◆ Task to carry out
Please restate exactly the lines of the data below, beginning with the line containing "for centre in" and ending with the last line.

(Beginning of Records shown)

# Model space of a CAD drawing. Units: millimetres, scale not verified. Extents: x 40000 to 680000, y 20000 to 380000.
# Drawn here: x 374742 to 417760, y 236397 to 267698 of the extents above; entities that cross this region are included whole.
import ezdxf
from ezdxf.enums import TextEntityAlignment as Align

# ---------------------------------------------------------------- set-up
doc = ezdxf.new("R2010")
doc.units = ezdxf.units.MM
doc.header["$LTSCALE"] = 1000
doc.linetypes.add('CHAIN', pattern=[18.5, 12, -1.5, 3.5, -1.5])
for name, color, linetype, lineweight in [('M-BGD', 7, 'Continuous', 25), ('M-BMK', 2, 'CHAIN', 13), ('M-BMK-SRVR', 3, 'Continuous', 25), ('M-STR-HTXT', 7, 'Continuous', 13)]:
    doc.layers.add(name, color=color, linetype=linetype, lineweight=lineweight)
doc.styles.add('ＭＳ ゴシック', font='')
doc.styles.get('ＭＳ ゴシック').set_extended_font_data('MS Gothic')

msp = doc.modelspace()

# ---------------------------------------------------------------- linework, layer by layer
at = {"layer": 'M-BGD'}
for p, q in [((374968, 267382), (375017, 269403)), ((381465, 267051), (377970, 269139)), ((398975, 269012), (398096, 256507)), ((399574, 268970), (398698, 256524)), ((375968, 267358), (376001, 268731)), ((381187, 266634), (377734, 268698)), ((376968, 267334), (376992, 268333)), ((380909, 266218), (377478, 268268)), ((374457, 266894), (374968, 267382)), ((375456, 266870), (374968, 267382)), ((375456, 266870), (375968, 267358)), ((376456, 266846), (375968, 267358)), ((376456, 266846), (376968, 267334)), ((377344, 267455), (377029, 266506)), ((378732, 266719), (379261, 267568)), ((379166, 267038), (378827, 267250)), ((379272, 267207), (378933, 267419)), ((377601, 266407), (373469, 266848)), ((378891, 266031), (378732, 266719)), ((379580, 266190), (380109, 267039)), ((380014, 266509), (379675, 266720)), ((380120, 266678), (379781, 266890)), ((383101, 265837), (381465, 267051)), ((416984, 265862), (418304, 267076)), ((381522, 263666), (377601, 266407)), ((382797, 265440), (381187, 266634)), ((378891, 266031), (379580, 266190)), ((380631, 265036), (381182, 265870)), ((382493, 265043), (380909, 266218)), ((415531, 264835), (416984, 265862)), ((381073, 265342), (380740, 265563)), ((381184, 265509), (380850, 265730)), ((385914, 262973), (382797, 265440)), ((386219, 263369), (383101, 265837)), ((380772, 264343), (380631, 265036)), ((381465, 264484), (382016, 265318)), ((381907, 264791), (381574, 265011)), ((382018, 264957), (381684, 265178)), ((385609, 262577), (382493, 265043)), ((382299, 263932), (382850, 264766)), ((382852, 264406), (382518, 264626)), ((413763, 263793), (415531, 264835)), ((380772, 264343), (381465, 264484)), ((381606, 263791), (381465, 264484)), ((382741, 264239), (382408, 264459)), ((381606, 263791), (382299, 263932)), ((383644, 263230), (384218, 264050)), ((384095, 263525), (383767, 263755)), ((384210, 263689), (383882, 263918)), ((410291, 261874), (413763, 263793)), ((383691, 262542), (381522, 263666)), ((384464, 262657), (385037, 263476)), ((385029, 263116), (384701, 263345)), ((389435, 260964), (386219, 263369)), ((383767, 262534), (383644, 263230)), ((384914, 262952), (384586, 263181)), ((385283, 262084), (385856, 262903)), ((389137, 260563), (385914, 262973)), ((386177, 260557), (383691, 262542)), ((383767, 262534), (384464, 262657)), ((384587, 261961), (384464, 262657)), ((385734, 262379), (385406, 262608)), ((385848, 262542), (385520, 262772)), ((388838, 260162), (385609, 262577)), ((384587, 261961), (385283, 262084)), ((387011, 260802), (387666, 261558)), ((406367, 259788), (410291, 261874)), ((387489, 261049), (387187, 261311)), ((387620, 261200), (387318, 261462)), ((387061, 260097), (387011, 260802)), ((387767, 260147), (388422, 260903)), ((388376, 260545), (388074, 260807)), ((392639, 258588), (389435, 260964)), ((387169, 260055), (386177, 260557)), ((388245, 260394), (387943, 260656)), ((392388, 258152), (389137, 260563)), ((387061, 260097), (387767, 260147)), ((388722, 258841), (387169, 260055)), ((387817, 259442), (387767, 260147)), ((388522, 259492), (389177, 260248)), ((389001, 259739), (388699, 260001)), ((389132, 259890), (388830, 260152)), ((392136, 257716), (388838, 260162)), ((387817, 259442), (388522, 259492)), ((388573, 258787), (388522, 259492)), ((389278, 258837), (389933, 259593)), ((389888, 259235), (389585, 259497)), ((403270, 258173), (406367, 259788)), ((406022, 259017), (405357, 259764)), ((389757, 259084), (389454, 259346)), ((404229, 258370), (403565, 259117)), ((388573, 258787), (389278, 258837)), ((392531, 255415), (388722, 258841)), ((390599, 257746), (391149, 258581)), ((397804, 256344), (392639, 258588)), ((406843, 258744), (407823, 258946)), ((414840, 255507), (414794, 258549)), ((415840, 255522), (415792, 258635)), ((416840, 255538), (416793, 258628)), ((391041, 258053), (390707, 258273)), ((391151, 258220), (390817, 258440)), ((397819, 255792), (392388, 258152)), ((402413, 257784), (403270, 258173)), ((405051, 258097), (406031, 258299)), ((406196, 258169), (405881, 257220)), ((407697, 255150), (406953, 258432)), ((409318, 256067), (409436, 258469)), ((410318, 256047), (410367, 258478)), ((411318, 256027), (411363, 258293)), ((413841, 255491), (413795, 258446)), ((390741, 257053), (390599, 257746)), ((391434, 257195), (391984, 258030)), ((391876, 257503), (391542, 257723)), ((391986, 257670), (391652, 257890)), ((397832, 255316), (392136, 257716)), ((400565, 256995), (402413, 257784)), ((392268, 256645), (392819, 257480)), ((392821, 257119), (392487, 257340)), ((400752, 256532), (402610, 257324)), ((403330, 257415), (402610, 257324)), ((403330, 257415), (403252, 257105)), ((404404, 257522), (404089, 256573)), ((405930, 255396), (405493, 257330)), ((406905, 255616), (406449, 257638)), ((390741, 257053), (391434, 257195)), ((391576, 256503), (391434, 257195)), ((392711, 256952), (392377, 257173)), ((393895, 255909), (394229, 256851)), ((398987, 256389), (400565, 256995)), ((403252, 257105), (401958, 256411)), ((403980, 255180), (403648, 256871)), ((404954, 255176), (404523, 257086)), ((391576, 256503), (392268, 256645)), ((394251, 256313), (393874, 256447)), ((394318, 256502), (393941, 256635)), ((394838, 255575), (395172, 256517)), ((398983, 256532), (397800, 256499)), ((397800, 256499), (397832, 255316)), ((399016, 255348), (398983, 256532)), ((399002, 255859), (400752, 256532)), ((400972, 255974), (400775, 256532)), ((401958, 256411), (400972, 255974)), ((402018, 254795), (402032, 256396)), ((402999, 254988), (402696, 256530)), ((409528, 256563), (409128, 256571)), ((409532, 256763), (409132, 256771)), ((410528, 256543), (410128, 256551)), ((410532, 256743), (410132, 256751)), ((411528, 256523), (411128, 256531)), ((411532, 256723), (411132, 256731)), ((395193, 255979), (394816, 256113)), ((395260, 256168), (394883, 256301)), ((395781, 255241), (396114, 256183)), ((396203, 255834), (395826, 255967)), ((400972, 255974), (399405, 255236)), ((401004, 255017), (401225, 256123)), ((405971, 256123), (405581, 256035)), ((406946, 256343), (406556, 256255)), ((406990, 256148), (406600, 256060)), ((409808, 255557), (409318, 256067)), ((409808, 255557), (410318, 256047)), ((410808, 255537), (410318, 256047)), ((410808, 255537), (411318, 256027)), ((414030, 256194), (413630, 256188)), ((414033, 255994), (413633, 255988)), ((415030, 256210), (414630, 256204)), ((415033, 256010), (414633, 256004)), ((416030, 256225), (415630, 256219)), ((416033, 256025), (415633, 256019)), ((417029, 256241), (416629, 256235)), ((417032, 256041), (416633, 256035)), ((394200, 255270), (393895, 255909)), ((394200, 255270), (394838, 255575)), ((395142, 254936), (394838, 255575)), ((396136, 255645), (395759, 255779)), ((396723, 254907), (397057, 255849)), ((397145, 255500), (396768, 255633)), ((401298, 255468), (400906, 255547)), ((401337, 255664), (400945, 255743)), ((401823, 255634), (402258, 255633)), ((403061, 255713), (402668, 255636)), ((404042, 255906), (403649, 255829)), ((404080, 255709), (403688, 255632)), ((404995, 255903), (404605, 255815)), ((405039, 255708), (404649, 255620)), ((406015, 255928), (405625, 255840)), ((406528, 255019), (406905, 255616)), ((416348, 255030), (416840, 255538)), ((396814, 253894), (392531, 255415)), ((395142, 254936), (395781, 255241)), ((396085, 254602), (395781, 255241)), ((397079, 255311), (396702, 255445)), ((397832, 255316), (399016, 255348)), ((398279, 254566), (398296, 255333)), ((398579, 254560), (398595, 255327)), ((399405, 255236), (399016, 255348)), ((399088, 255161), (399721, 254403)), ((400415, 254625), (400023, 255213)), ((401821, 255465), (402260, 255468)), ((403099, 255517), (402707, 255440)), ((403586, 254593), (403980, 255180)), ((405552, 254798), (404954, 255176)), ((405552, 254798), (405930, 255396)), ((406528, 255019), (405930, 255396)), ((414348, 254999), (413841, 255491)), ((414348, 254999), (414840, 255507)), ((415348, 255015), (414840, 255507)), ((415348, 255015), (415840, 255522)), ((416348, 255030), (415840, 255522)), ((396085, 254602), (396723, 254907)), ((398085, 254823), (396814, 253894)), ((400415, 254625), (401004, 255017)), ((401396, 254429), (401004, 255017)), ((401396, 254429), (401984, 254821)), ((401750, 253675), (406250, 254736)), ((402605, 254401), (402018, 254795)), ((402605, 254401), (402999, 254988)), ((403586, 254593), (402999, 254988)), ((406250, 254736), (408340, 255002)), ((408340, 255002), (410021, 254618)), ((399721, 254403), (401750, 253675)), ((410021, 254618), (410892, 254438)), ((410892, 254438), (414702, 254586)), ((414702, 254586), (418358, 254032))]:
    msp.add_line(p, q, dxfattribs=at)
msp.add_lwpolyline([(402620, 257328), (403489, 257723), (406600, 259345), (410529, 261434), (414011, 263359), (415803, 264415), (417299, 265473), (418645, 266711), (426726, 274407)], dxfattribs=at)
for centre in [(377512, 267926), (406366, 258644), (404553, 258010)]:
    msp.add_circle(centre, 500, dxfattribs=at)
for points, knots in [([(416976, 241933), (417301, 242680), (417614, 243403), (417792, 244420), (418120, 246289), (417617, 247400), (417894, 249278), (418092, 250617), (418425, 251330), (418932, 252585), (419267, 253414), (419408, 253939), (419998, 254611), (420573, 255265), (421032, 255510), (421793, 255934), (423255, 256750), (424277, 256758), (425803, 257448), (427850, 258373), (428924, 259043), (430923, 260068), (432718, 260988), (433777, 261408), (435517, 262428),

(End of Records shown)

◆ Your response
for centre in [(377512, 267926), (406366, 258644), (404553, 258010)]:
    msp.add_circle(centre, 500, dxfattribs=at)
for points, knots in [([(416976, 241933), (417301, 242680), (417614, 243403), (417792, 244420), (418120, 246289), (417617, 247400), (417894, 249278), (418092, 250617), (418425, 251330), (418932, 252585), (419267, 253414), (419408, 253939), (419998, 254611), (420573, 255265), (421032, 255510), (421793, 255934), (423255, 256750), (424277, 256758), (425803, 257448), (427850, 258373), (428924, 259043), (430923, 260068), (432718, 260988), (433777, 261408), (435517, 262428),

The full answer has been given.